Political cartoonist Mark Fiore recently took home the coveted Pulitzer Prize for his animated work. The Pulitzer for political cartooning is given every year, but Fiore's award is unique because since 2001 all of his animation has been done online instead of in print.
Many experts view Fiore's prize as a signal that online material is becoming more widely accepted, but Fiore himself prefers to think he won because his cartoons "pack a punch" in the messages they send.
Fiore, whose political views tend to be left-of-center, watches the news for items that make him angry or passionate. Then, he researches the issue and works to turn it into a humorous but powerful message through animation.
Fiore's prize has also earned him more attention from Web developers and online application powerhouses such as Apple. Fiore's idea for an iPhone application showcasing his work was orginally turned down by Apple because the company said it does not allow ridicule of public figures. But, Apple took new interest in Fiore's cartoons after the Pulitzer prize was announced, and Fiore says his iPhone application will soon be available.

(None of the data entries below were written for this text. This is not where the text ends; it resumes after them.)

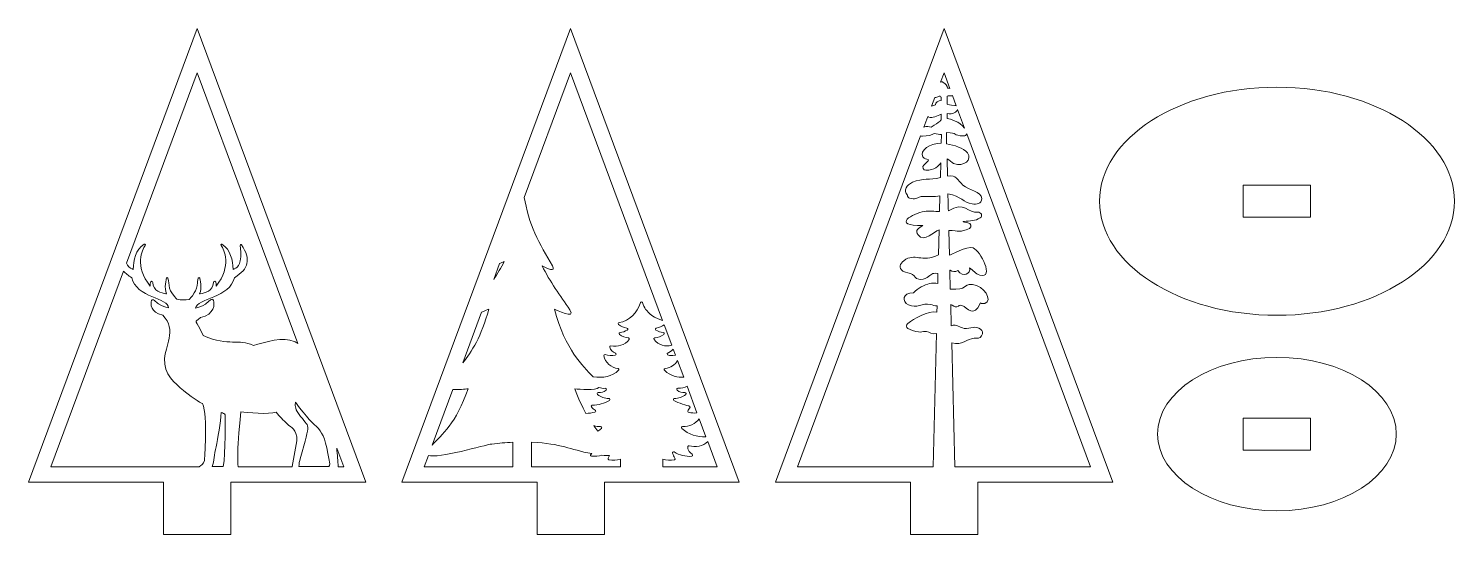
# Model space of a CAD drawing. Header units: inches. Extents: x 0 to 424, y -471 to -321.
import ezdxf

# ---------------------------------------------------------------- set-up
doc = ezdxf.new("R2010")
doc.units = ezdxf.units.IN
doc.header["$MEASUREMENT"] = 0
doc.layers.add('_U+0421_U+043B_U+043E_U+0439 1', color=7, linetype='Continuous')

msp = doc.modelspace()

# ---------------------------------------------------------------- linework, layer by layer
at = {"layer": '_U+0421_U+043B_U+043E_U+0439 1', "color": 1, "lineweight": 5, "true_color": 0xff1200}
for points in [[(0, -455.79), (40.06, -455.79), (40.06, -471.31), (60.06, -471.31), (60.06, -455.79), (100.23, -455.79), (50.12, -321.07), (0, -455.79)], [(161.05, -321.07), (110.94, -455.79), (151.1, -455.79), (151.1, -471.31), (171.11, -471.31), (171.11, -455.79), (211.17, -455.79), (161.05, -321.07)], [(271.99, -321.07), (221.88, -455.79), (262.04, -455.79), (262.04, -471.31), (282.05, -471.31), (282.05, -455.79), (322.11, -455.79), (271.99, -321.07)], [(380.91, -367.59), (360.91, -367.59), (360.91, -377.12), (380.91, -377.12), (380.91, -367.59)], [(380.91, -436.74), (360.91, -436.74), (360.91, -446.26), (380.91, -446.26), (380.91, -436.74)]]:
    msp.add_lwpolyline(points, dxfattribs=at)
for points, knots in [([(50.12, -334.23), (50.12, -334.23), (80.01, -414.59), (80.01, -414.59), (79.66, -414.39), (79.29, -414.2), (78.91, -414.01), (75.92, -412.5), (70.18, -414.16), (66.81, -415.21), (62.23, -412.89), (59.95, -415.72), (51.86, -412.24), (49.52, -406.92), (49.12, -408.81), (51.05, -406.87), (55.36, -405.98), (55.34, -402.81), (54.93, -401.79), (54.51, -400.76), (53.52, -402.35), (52.55, -402.92), (51.2, -403.74), (50.59, -403.9), (49.64, -404.12), (49.96, -401.21), (60, -400.96), (61.16, -395.06), (63.37, -393.71), (64.56, -392.36), (64.9, -390.81), (65.25, -389.24), (64.73, -387.44), (63.32, -385.31), (63.26, -385.23), (63.15, -385.19), (63.06, -385.23), (62.96, -385.26), (62.9, -385.36), (62.91, -385.46), (63.47, -391.22), (62.37, -391.8), (61.11, -392.47), (61, -392.52), (60.9, -392.57), (60.8, -392.63), (60.64, -389.82), (60.07, -386.81), (57.48, -385.13), (57.4, -385.07), (57.28, -385.08), (57.21, -385.16), (57.08, -385.29), (57.17, -385.43), (57.21, -385.49), (58.09, -386.81), (60.5, -391.51), (55.71, -397.55), (55.76, -396.35), (55.56, -396.15), (55.33, -396.13), (55.12, -396.1), (54.97, -396.3), (54.95, -396.49), (54.74, -399.17), (52.41, -399.58), (51.02, -399.82), (50.95, -399.83), (50.88, -399.84), (50.82, -399.85), (51.67, -398.17), (50.91, -395.33), (50.88, -395.2), (50.86, -395.11), (50.78, -395.05), (50.7, -395.04), (50.29, -394.99), (50.19, -396.2), (50.18, -396.61), (50.16, -397.69), (49.84, -398.73), (49.25, -399.6), (48.42, -400.83), (47.85, -401.4), (47.7, -401.54), (46.45, -401.81), (45.36, -401.66), (44.09, -401.48), (43.79, -401.18), (43.18, -400.45), (42.61, -399.6), (42.02, -398.73), (41.69, -397.69), (41.67, -396.61), (41.65, -395.61), (41.4, -395.18), (41.38, -395.14), (41.33, -395.06), (41.25, -395.03), (41.16, -395.04), (41.07, -395.05), (41, -395.11), (40.98, -395.2), (40.94, -395.33), (40.19, -398.17), (41.04, -399.85), (40.97, -399.84), (40.9, -399.83), (40.84, -399.82), (39.44, -399.58), (37.11, -399.17), (36.9, -396.5), (36.89, -396.37), (36.82, -396.22), (36.68, -396.16), (36.58, -396.11), (36.47, -396.12), (36.39, -396.18), (36.3, -396.25), (36.1, -396.38), (36.15, -397.55), (31.36, -391.51), (33.77, -386.81), (34.64, -385.49), (34.68, -385.43), (34.78, -385.28), (34.65, -385.16), (34.58, -385.08), (34.46, -385.07), (34.37, -385.13), (31.78, -386.81), (31.22, -389.82), (31.06, -392.63), (30.95, -392.57), (30.85, -392.52), (30.75, -392.47), (30.08, -392.11), (29.46, -391.78), (29.11, -390.71), (29.11, -390.71), (50.12, -334.23), (50.12, -334.23)], [0, 0, 0, 0, 1, 1, 1, 2, 2, 2, 3, 3, 3, 4, 4, 4, 5, 5, 5, 6, 6, 6, 7, 7, 7, 8, 8, 8, 9, 9, 9, 10, 10, 10, 11, 11, 11, 12, 12, 12, 13, 13, 13, 14, 14, 14, 15, 15, 15, 16, 16, 16, 17, 17, 17, 18, 18, 18, 19, 19, 19, 20, 20, 20, 21, 21, 21, 22, 22, 22, 23, 23, 23, 24, 24, 24, 25, 25, 25, 26, 26, 26, 27, 27, 27, 28, 28, 28, 29, 29, 29, 30, 30, 30, 31, 31, 31, 32, 32, 32, 33, 33, 33, 34, 34, 34, 35, 35, 35, 36, 36, 36, 37, 37, 37, 38, 38, 38, 39, 39, 39, 40, 40, 40, 41, 41, 41, 42, 42, 42, 43, 43, 43, 44, 44, 44, 45, 45, 45, 46, 46, 46, 47, 47, 47, 47]), ([(183.35, -404.46), (182.98, -403.84), (182.68, -403.16), (182.44, -402.45), (182.35, -402.16), (181.94, -402.16), (181.84, -402.45), (180.85, -405.45), (178.59, -407.93), (175.48, -408.4), (175.2, -408.44), (175.11, -408.78), (175.33, -408.96), (176.04, -409.53), (176.87, -409.88), (177.76, -410.03), (178.05, -410.07), (178.13, -410.45), (177.89, -410.6), (177.24, -411.02), (176.51, -411.27), (175.75, -411.34), (175.46, -411.36), (175.35, -411.72), (175.58, -411.9), (176.35, -412.5), (177.26, -412.82), (178.22, -412.9), (178.48, -412.92), (178.61, -413.22), (178.45, -413.41), (177.14, -415.06), (175.05, -415.75), (173.05, -415.3), (172.81, -415.24), (172.6, -415.47), (172.68, -415.7), (172.94, -416.51), (173.58, -417.09), (174.38, -417.43), (174.66, -417.55), (174.62, -417.97), (174.32, -418.03), (173.31, -418.25), (172.28, -418.18), (171.33, -417.86), (171.1, -417.78), (170.87, -417.98), (170.92, -418.22), (171.33, -420.24), (173.05, -421.83), (175.14, -422.03), (175.41, -422.06), (175.52, -422.39), (175.33, -422.57), (173.29, -424.55), (170.79, -424.85), (167.73, -424.52), (164.62, -421.17), (159.53, -416.54), (156.24, -404.43), (156.64, -404.53), (162.79, -407.64), (160.81, -404.6), (158.04, -400.39), (154.86, -396.28), (152.57, -391.5), (154.02, -392.29), (156.85, -393.59), (155.64, -391.56), (153.78, -388.44), (152.03, -385.2), (150.41, -381.84), (149, -378.9), (147.94, -374.48), (147.29, -371.23), (147.29, -371.23), (161.05, -334.23), (161.05, -334.23), (161.05, -334.23), (188.4, -407.73), (188.4, -407.73), (184.45, -406.73), (183.78, -404.64), (183.35, -404.46)], [0, 0, 0, 0, 1, 1, 1, 2, 2, 2, 3, 3, 3, 4, 4, 4, 5, 5, 5, 6, 6, 6, 7, 7, 7, 8, 8, 8, 9, 9, 9, 10, 10, 10, 11, 11, 11, 12, 12, 12, 13, 13, 13, 14, 14, 14, 15, 15, 15, 16, 16, 16, 17, 17, 17, 18, 18, 18, 19, 19, 19, 20, 20, 20, 21, 21, 21, 22, 22, 22, 23, 23, 23, 24, 24, 24, 25, 25, 25, 26, 26, 26, 27, 27, 27, 28, 28, 28, 28]), ([(271.78, -337.05), (271.49, -336.86), (271.2, -336.87), (270.96, -336.99), (270.96, -336.99), (271.99, -334.23), (271.99, -334.23), (271.99, -334.23), (273.71, -338.85), (273.71, -338.85), (273.5, -338.79), (273.28, -338.75), (273.05, -338.75), (273.07, -338.13), (272.29, -337.4), (271.78, -337.05)], [0, 0, 0, 0, 1, 1, 1, 2, 2, 2, 3, 3, 3, 4, 4, 4, 5, 5, 5, 5]), ([(423.65, -372.36), (423.65, -391.06), (400.03, -406.22), (370.91, -406.22), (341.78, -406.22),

"I like to think that I won not because it's new and different, and uses the media in a different way, but I think I won because it has a message and it says something, and it really packs a punch." - Mark Fiore, cartoonist
"First year in high school, I drew a little cartoon in class, and it was politically oriented. And the teacher looked at it, and he said, oh, yes, that's a political cartoon. You know, people -- there's jobs like that." - Mark Fiore, cartoonist
"Well, there's a big push these days to represent both sides. And it's very hard for -- for anybody in journalism to represent both sides, when one side is not based in fact or reality, let alone hard for a cartoonist to represent that, because I don't think a political cartoonist, particularly, should always represent both sides." - Mark Fiore, cartoonist
1. What is a political cartoon? What elements must a successful cartoon have?
2. What is a Pulitzer Prize? What kinds of things can people win a Pulitzer for?
3. What is satire? Who should decide what is “funny”?
1. Have you ever tried to make a political cartoon? If so, what was your topic and what was hard about the process? If not, what would you choose as your topic and why?
2. Do you think a good political cartoonist needs to represent both sides of an issue? Why or why not?
3. Do you prefer the online, animated version of political cartoons, or the drawn print version? Why?
4. Mr. Fiore says that by using humor he can push opinion and satire. What do you think he means by that?